Think of the pan as your pet. You’re not going to NOT feed Fluffy because you didn’t feel like it, right? Because Fluffy is NOT going to let you get away with that. Neither is your pan. If you don’t care for it properly, it’s not going to work for you properly. It won’t poop on your pillow like Fluffy would, but your cast iron will revolt and leave rust spots either in itself or on the bottom of your sink. So, take the two minutes it asks for to make the pan clean and happy.
Starting With a Virgin Pan
If you buy a regular-old non-seasoned cast iron pan, you’ll need to give it a seasoning treatment before you start cooking with it. But it’s simple, and usually the instructions come with the cast iron. Rub a thin coat of vegetable oil over the pan’s entire surface – inside and out.

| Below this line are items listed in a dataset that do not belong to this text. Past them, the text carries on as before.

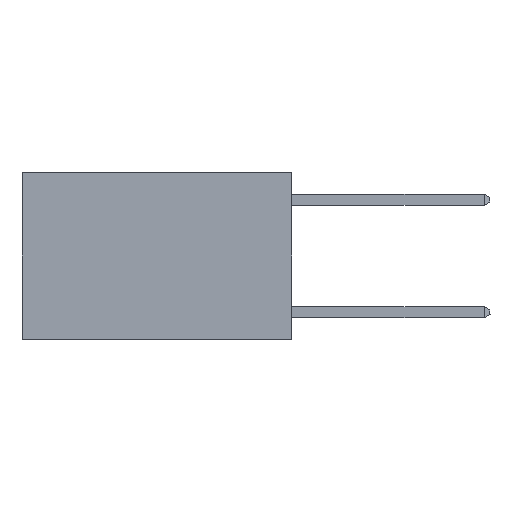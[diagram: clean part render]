
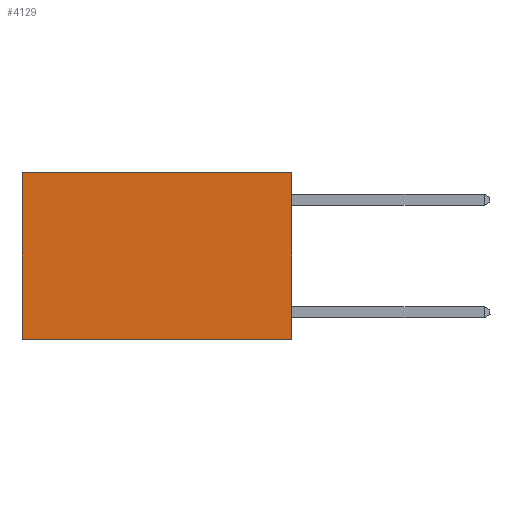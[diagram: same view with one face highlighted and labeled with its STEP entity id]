
A CAD part, left-side view. The second image highlights one B-rep face of the part: STEP entity #4129.
In plain terms, the highlighted planar face has unit normal (-1, 0, 0).
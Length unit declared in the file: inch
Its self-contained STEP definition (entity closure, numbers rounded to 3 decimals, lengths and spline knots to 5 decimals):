
#188 = AXIS2_PLACEMENT_3D ( 'NONE', #9011, #10694, #5659 ) ;
#637 = LINE ( 'NONE', #3329, #5152 ) ;
#970 = DIRECTION ( 'NONE',  ( 0., 1., 0. ) ) ;
#1688 = CARTESIAN_POINT ( 'NONE',  ( 0.2625, 0.6, 0. ) ) ;
#2134 = VERTEX_POINT ( 'NONE', #4671 ) ;
#2380 = LINE ( 'NONE', #6314, #9306 ) ;
#2431 = CARTESIAN_POINT ( 'NONE',  ( 0.2625, 0., -0.37 ) ) ;
#2528 = VECTOR ( 'NONE', #8520, 39.37008 ) ;
#2815 = VERTEX_POINT ( 'NONE', #8156 ) ;
#3329 = CARTESIAN_POINT ( 'NONE',  ( 0.2625, 0., 0. ) ) ;
#3439 = VERTEX_POINT ( 'NONE', #5541 ) ;
#3646 = VECTOR ( 'NONE', #11122, 39.37008 ) ;
#4129 = ADVANCED_FACE ( 'NONE', ( #5419 ), #9049, .F. ) ;
#4671 = CARTESIAN_POINT ( 'NONE',  ( 0.2625, 0.6, -0.37 ) ) ;
#5152 = VECTOR ( 'NONE', #11010, 39.37008 ) ;
#5419 = FACE_OUTER_BOUND ( 'NONE', #6409, .T. ) ;
#5541 = CARTESIAN_POINT ( 'NONE',  ( 0.2625, 0., 0. ) ) ;
#5659 = DIRECTION ( 'NONE',  ( 0., 0., -1. ) ) ;
#5912 = EDGE_CURVE ( 'NONE', #9691, #2134, #10469, .T. ) ;
#6314 = CARTESIAN_POINT ( 'NONE',  ( 0.2625, 0., 0. ) ) ;
#6409 = EDGE_LOOP ( 'NONE', ( #6693, #6717, #6754, #6789 ) ) ;
#6463 = EDGE_CURVE ( 'NONE', #2815, #2134, #9447, .T. ) ;
#6693 = ORIENTED_EDGE ( 'NONE', *, *, #5912, .T. ) ;
#6717 = ORIENTED_EDGE ( 'NONE', *, *, #6463, .F. ) ;
#6739 = EDGE_CURVE ( 'NONE', #3439, #9691, #2380, .T. ) ;
#6754 = ORIENTED_EDGE ( 'NONE', *, *, #8222, .F. ) ;
#6789 = ORIENTED_EDGE ( 'NONE', *, *, #6739, .T. ) ;
#7350 = CARTESIAN_POINT ( 'NONE',  ( 0.2625, 0.6, 0. ) ) ;
#8156 = CARTESIAN_POINT ( 'NONE',  ( 0.2625, 0., -0.37 ) ) ;
#8222 = EDGE_CURVE ( 'NONE', #3439, #2815, #637, .T. ) ;
#8520 = DIRECTION ( 'NONE',  ( 0., 1., 0. ) ) ;
#9011 = CARTESIAN_POINT ( 'NONE',  ( 0.2625, 0., 0. ) ) ;
#9049 = PLANE ( 'NONE',  #188 ) ;
#9306 = VECTOR ( 'NONE', #970, 39.37008 ) ;
#9447 = LINE ( 'NONE', #2431, #2528 ) ;
#9691 = VERTEX_POINT ( 'NONE', #7350 ) ;
#10469 = LINE ( 'NONE', #1688, #3646 ) ;
#10694 = DIRECTION ( 'NONE',  ( 1., 0., 0. ) ) ;
#11010 = DIRECTION ( 'NONE',  ( 0., 0., -1. ) ) ;
#11122 = DIRECTION ( 'NONE',  ( 0., 0., -1. ) ) ;
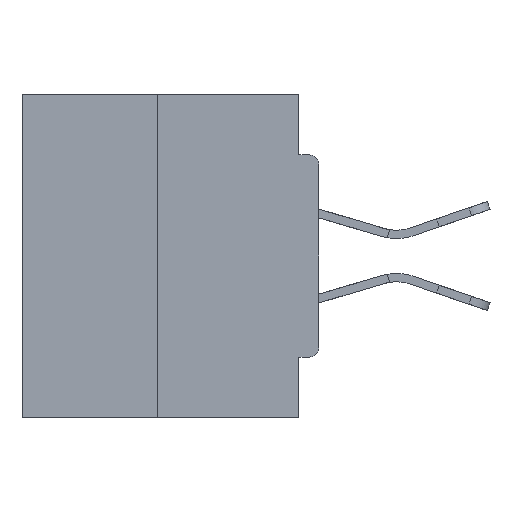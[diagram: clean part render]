
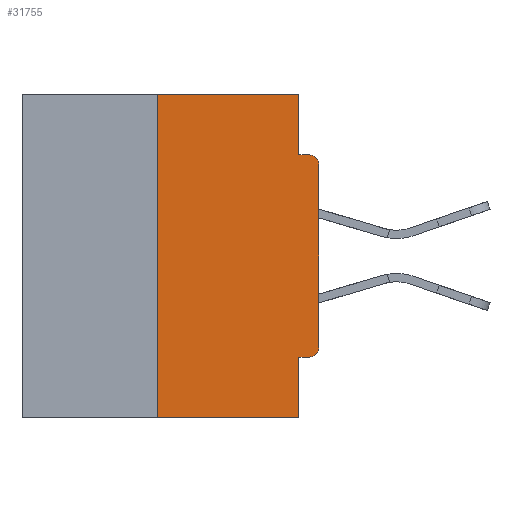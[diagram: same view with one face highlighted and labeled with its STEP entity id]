
A CAD part, left-side view. The second image highlights one B-rep face of the part: STEP entity #31755.
In plain terms, the highlighted planar face has unit normal (-1, 0, 0).
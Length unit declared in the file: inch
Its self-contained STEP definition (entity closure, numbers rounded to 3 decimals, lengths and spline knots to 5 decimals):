
#2668 = VERTEX_POINT ( 'NONE', #6916 ) ;
#3595 = EDGE_CURVE ( 'NONE', #36768, #28883, #40280, .T. ) ;
#4680 = CARTESIAN_POINT ( 'NONE',  ( 0., 0.031, 0. ) ) ;
#5035 = CARTESIAN_POINT ( 'NONE',  ( 0., 0., -0.4065 ) ) ;
#5703 = CARTESIAN_POINT ( 'NONE',  ( 0., 0.25, 0. ) ) ;
#6916 = CARTESIAN_POINT ( 'NONE',  ( 0., 0.015, -0.4065 ) ) ;
#7301 = VERTEX_POINT ( 'NONE', #41279 ) ;
#7340 = CARTESIAN_POINT ( 'NONE',  ( 0., 0., -0.3915 ) ) ;
#7559 = CARTESIAN_POINT ( 'NONE',  ( 0., 0.031, -0.0935 ) ) ;
#7750 = ORIENTED_EDGE ( 'NONE', *, *, #12925, .T. ) ;
#8054 = FACE_OUTER_BOUND ( 'NONE', #26147, .T. ) ;
#8433 = DIRECTION ( 'NONE',  ( 0., 0., -1. ) ) ;
#10983 = ORIENTED_EDGE ( 'NONE', *, *, #28989, .F. ) ;
#11786 = DIRECTION ( 'NONE',  ( 1., 0., 0. ) ) ;
#12925 = EDGE_CURVE ( 'NONE', #2668, #34056, #20619, .T. ) ;
#13755 = LINE ( 'NONE', #14540, #40621 ) ;
#13784 = CARTESIAN_POINT ( 'NONE',  ( 0., 0.46, 0. ) ) ;
#13962 = EDGE_CURVE ( 'NONE', #24379, #35419, #39740, .T. ) ;
#14540 = CARTESIAN_POINT ( 'NONE',  ( 0., 0., 0. ) ) ;
#15180 = DIRECTION ( 'NONE',  ( -1., 0., 0. ) ) ;
#15533 = LINE ( 'NONE', #5035, #38560 ) ;
#15874 = LINE ( 'NONE', #34083, #26308 ) ;
#16353 = CARTESIAN_POINT ( 'NONE',  ( 0., 0.015, -0.1085 ) ) ;
#17414 = CARTESIAN_POINT ( 'NONE',  ( 0., 0.25, 0. ) ) ;
#17613 = VECTOR ( 'NONE', #37222, 39.37008 ) ;
#18333 = EDGE_CURVE ( 'NONE', #34056, #24379, #13755, .T. ) ;
#18861 = EDGE_CURVE ( 'NONE', #20690, #7301, #15874, .T. ) ;
#19188 = CARTESIAN_POINT ( 'NONE',  ( 0., 0.031, -0.5 ) ) ;
#19682 = AXIS2_PLACEMENT_3D ( 'NONE', #36189, #15180, #8433 ) ;
#19877 = DIRECTION ( 'NONE',  ( 0., 0., -1. ) ) ;
#20619 = CIRCLE ( 'NONE', #19682, 0.015 ) ;
#20628 = DIRECTION ( 'NONE',  ( 0., 0., 1. ) ) ;
#20690 = VERTEX_POINT ( 'NONE', #43138 ) ;
#21169 = LINE ( 'NONE', #17414, #35448 ) ;
#22012 = CARTESIAN_POINT ( 'NONE',  ( 0., 0.46, 0. ) ) ;
#22447 = CARTESIAN_POINT ( 'NONE',  ( 0., 0.031, 0. ) ) ;
#22764 = DIRECTION ( 'NONE',  ( 0., 1., 0. ) ) ;
#23088 = VECTOR ( 'NONE', #26093, 39.37008 ) ;
#23183 = DIRECTION ( 'NONE',  ( 0., -1., 0. ) ) ;
#23574 = ORIENTED_EDGE ( 'NONE', *, *, #38033, .F. ) ;
#23614 = LINE ( 'NONE', #19188, #23088 ) ;
#24379 = VERTEX_POINT ( 'NONE', #32221 ) ;
#24734 = AXIS2_PLACEMENT_3D ( 'NONE', #16353, #40886, #19877 ) ;
#24955 = VERTEX_POINT ( 'NONE', #5703 ) ;
#25367 = ORIENTED_EDGE ( 'NONE', *, *, #33655, .F. ) ;
#26093 = DIRECTION ( 'NONE',  ( 0., 0., -1. ) ) ;
#26147 = EDGE_LOOP ( 'NONE', ( #30890, #23574, #30468, #10983, #25367, #7750, #34606, #38260, #31527, #28212 ) ) ;
#26308 = VECTOR ( 'NONE', #23183, 39.37008 ) ;
#28212 = ORIENTED_EDGE ( 'NONE', *, *, #3595, .F. ) ;
#28810 = PLANE ( 'NONE',  #30021 ) ;
#28883 = VERTEX_POINT ( 'NONE', #7559 ) ;
#28989 = EDGE_CURVE ( 'NONE', #41196, #7301, #23614, .T. ) ;
#29707 = LINE ( 'NONE', #36925, #17613 ) ;
#29892 = VECTOR ( 'NONE', #40973, 39.37008 ) ;
#30021 = AXIS2_PLACEMENT_3D ( 'NONE', #22012, #11786, #36154 ) ;
#30468 = ORIENTED_EDGE ( 'NONE', *, *, #18861, .T. ) ;
#30890 = ORIENTED_EDGE ( 'NONE', *, *, #41622, .F. ) ;
#31527 = ORIENTED_EDGE ( 'NONE', *, *, #35613, .F. ) ;
#31755 = ADVANCED_FACE ( 'NONE', ( #8054 ), #28810, .F. ) ;
#32221 = CARTESIAN_POINT ( 'NONE',  ( 0., 0., -0.1085 ) ) ;
#33655 = EDGE_CURVE ( 'NONE', #2668, #41196, #15533, .T. ) ;
#34056 = VERTEX_POINT ( 'NONE', #7340 ) ;
#34083 = CARTESIAN_POINT ( 'NONE',  ( 0., 0.46, -0.5 ) ) ;
#34606 = ORIENTED_EDGE ( 'NONE', *, *, #18333, .T. ) ;
#35419 = VERTEX_POINT ( 'NONE', #43079 ) ;
#35448 = VECTOR ( 'NONE', #20628, 39.37008 ) ;
#35613 = EDGE_CURVE ( 'NONE', #28883, #35419, #29707, .T. ) ;
#35853 = DIRECTION ( 'NONE',  ( 0., 0., 1. ) ) ;
#36154 = DIRECTION ( 'NONE',  ( 0., 0., -1. ) ) ;
#36189 = CARTESIAN_POINT ( 'NONE',  ( 0., 0.015, -0.3915 ) ) ;
#36768 = VERTEX_POINT ( 'NONE', #4680 ) ;
#36925 = CARTESIAN_POINT ( 'NONE',  ( 0., 0., -0.0935 ) ) ;
#37061 = CARTESIAN_POINT ( 'NONE',  ( 0., 0.031, -0.4065 ) ) ;
#37222 = DIRECTION ( 'NONE',  ( 0., -1., 0. ) ) ;
#37577 = LINE ( 'NONE', #13784, #38061 ) ;
#38033 = EDGE_CURVE ( 'NONE', #20690, #24955, #21169, .T. ) ;
#38061 = VECTOR ( 'NONE', #43298, 39.37008 ) ;
#38260 = ORIENTED_EDGE ( 'NONE', *, *, #13962, .T. ) ;
#38560 = VECTOR ( 'NONE', #22764, 39.37008 ) ;
#39740 = CIRCLE ( 'NONE', #24734, 0.015 ) ;
#40280 = LINE ( 'NONE', #22447, #29892 ) ;
#40621 = VECTOR ( 'NONE', #35853, 39.37008 ) ;
#40886 = DIRECTION ( 'NONE',  ( -1., 0., 0. ) ) ;
#40973 = DIRECTION ( 'NONE',  ( 0., 0., -1. ) ) ;
#41196 = VERTEX_POINT ( 'NONE', #37061 ) ;
#41279 = CARTESIAN_POINT ( 'NONE',  ( 0., 0.031, -0.5 ) ) ;
#41622 = EDGE_CURVE ( 'NONE', #24955, #36768, #37577, .T. ) ;
#43079 = CARTESIAN_POINT ( 'NONE',  ( 0., 0.015, -0.0935 ) ) ;
#43138 = CARTESIAN_POINT ( 'NONE',  ( 0., 0.25, -0.5 ) ) ;
#43298 = DIRECTION ( 'NONE',  ( 0., -1., 0. ) ) ;

Put it on a rack in a 325F-350F oven. Put a baking sheet on a rack under it to catch any drips. Leave it in there an hour or so. Take it out. Let it cool. Bingo.
IF an intruder has come into your home and used your handy cast iron skillet to cook a meal and then washed it out with detergent or left it to rust in the sink (because I know you would never do that), the pan’s life isn’t over. You can rescue it with some steel wool, some elbow grease, and a few cuss words. If the pan is in HORRIBLE shape, you may want to rub it down with oil and pop it in the oven to bake on its own for an hour. Otherwise, a good rust-scrubbing and routine seasoning should do the trick.
Our Own Cast Iron
What I love about cast iron is that brand doesn’t really matter. Lodge is the It brand for cast iron. And I’m sure it’s awesome. But my set of three cast iron pans (10-in, 8-in, 6-in) were purchased as a gift for me by my mother back in 1991 from Caldor for $17. Not $170. Just $17. And I’ve used them pretty much every day since. Caldor doesn’t even exist today, dude! But the pans live on.
We also “found” a set of cast iron in an old rented apartment a few years back—those were OLD and very well-seasoned. And an old girlfriend bought me an 8-in. Lodge. I never use it. The handle – at just 4.5 inches long – is too short to get good leverage on holding the pan easily. My Caldor 8-incher has a 5.5-in. handle. Much better.
All told, we have two 10-inchers that are in constant use, four 8-inchers (anyone want that Lodge pan?) and one 6-incher that is ideal for toasting nuts on the stove top. And a 5-quart cast iron Dutch oven.
What NOT to Cook In Cast Iron
Eggs. Definitely. Your pan will smell like eggs for days. Not sure why the smell – and taste, even – lingers. It just oozes into the pan’s pours. Plus, scrambled eggs are the only things I’ve seen stick to cast iron. Stay. Away.
Tomato sauces or soups. The acids in the sauce will begin to eat away at the pan’s seasoned surface. It’s not horrible, it can be fixed. But save yourself the trouble and use another implement.
That’s why you keep those way-more-expensive All-Clads around, after all.